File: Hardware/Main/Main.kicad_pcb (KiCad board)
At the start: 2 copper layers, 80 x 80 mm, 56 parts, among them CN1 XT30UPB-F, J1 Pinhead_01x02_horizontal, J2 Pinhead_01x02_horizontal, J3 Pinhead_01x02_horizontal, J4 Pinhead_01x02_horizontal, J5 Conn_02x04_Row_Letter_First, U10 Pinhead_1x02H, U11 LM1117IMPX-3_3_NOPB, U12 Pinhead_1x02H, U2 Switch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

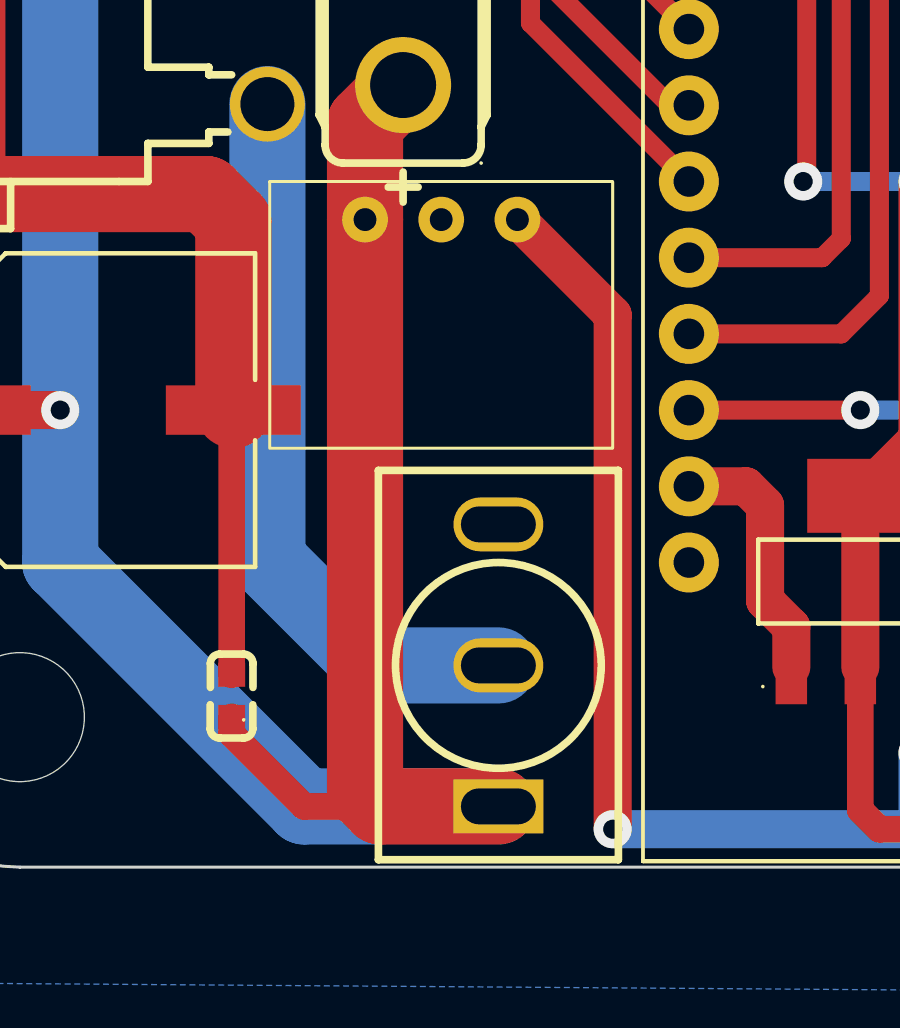
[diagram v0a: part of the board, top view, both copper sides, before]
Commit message: Updated pcb design of main board
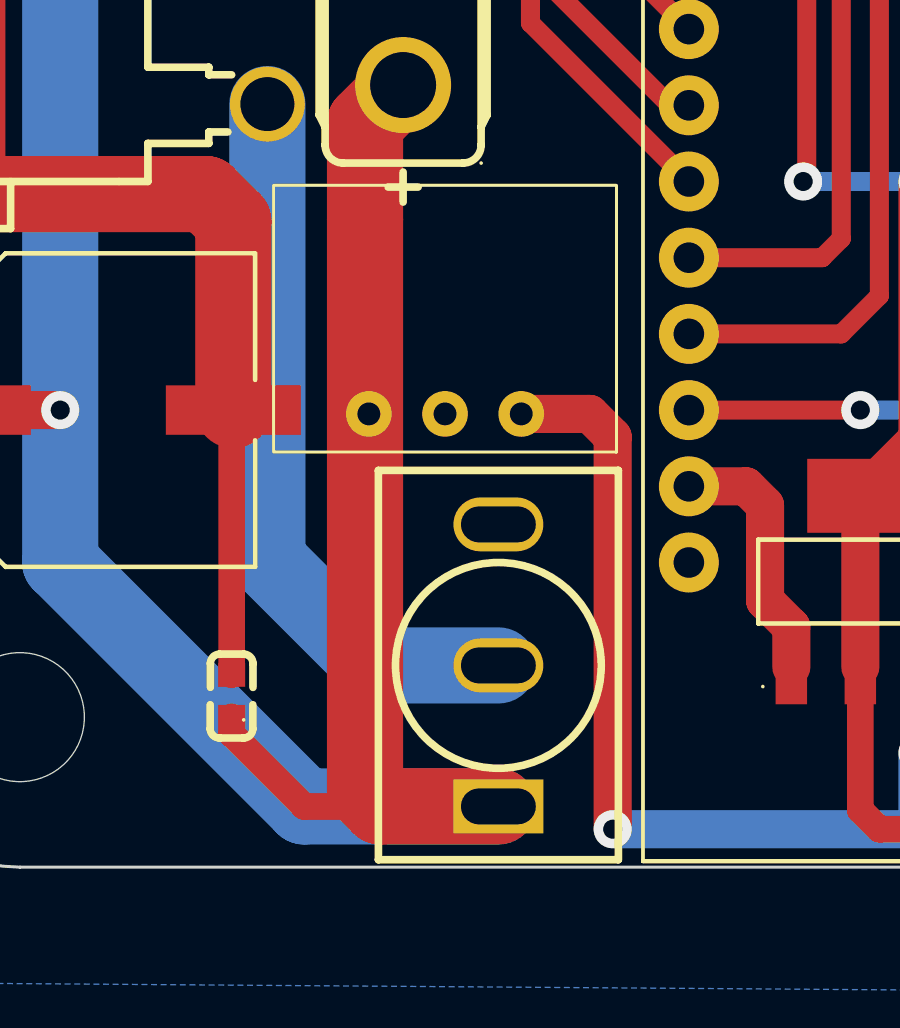
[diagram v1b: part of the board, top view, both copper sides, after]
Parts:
- moved R78K1 6.48 mm to (-20.8, 24.9), turned to 180 degrees
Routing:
- net +5V: track 150.9 -> 145.7 mm

* * * *

### Work item
Leave out every picture, and copy exactly the lines from the line that contains "[diagram v0a: part" through the end of the material.

### Task output
[diagram v0a: part of the board, top view, both copper sides, before]
Commit message: Updated pcb design of main board
[diagram v1b: part of the board, top view, both copper sides, after]
Parts:
- moved R78K1 6.48 mm to (-20.8, 24.9), turned to 180 degrees
Routing:
- net +5V: track 150.9 -> 145.7 mm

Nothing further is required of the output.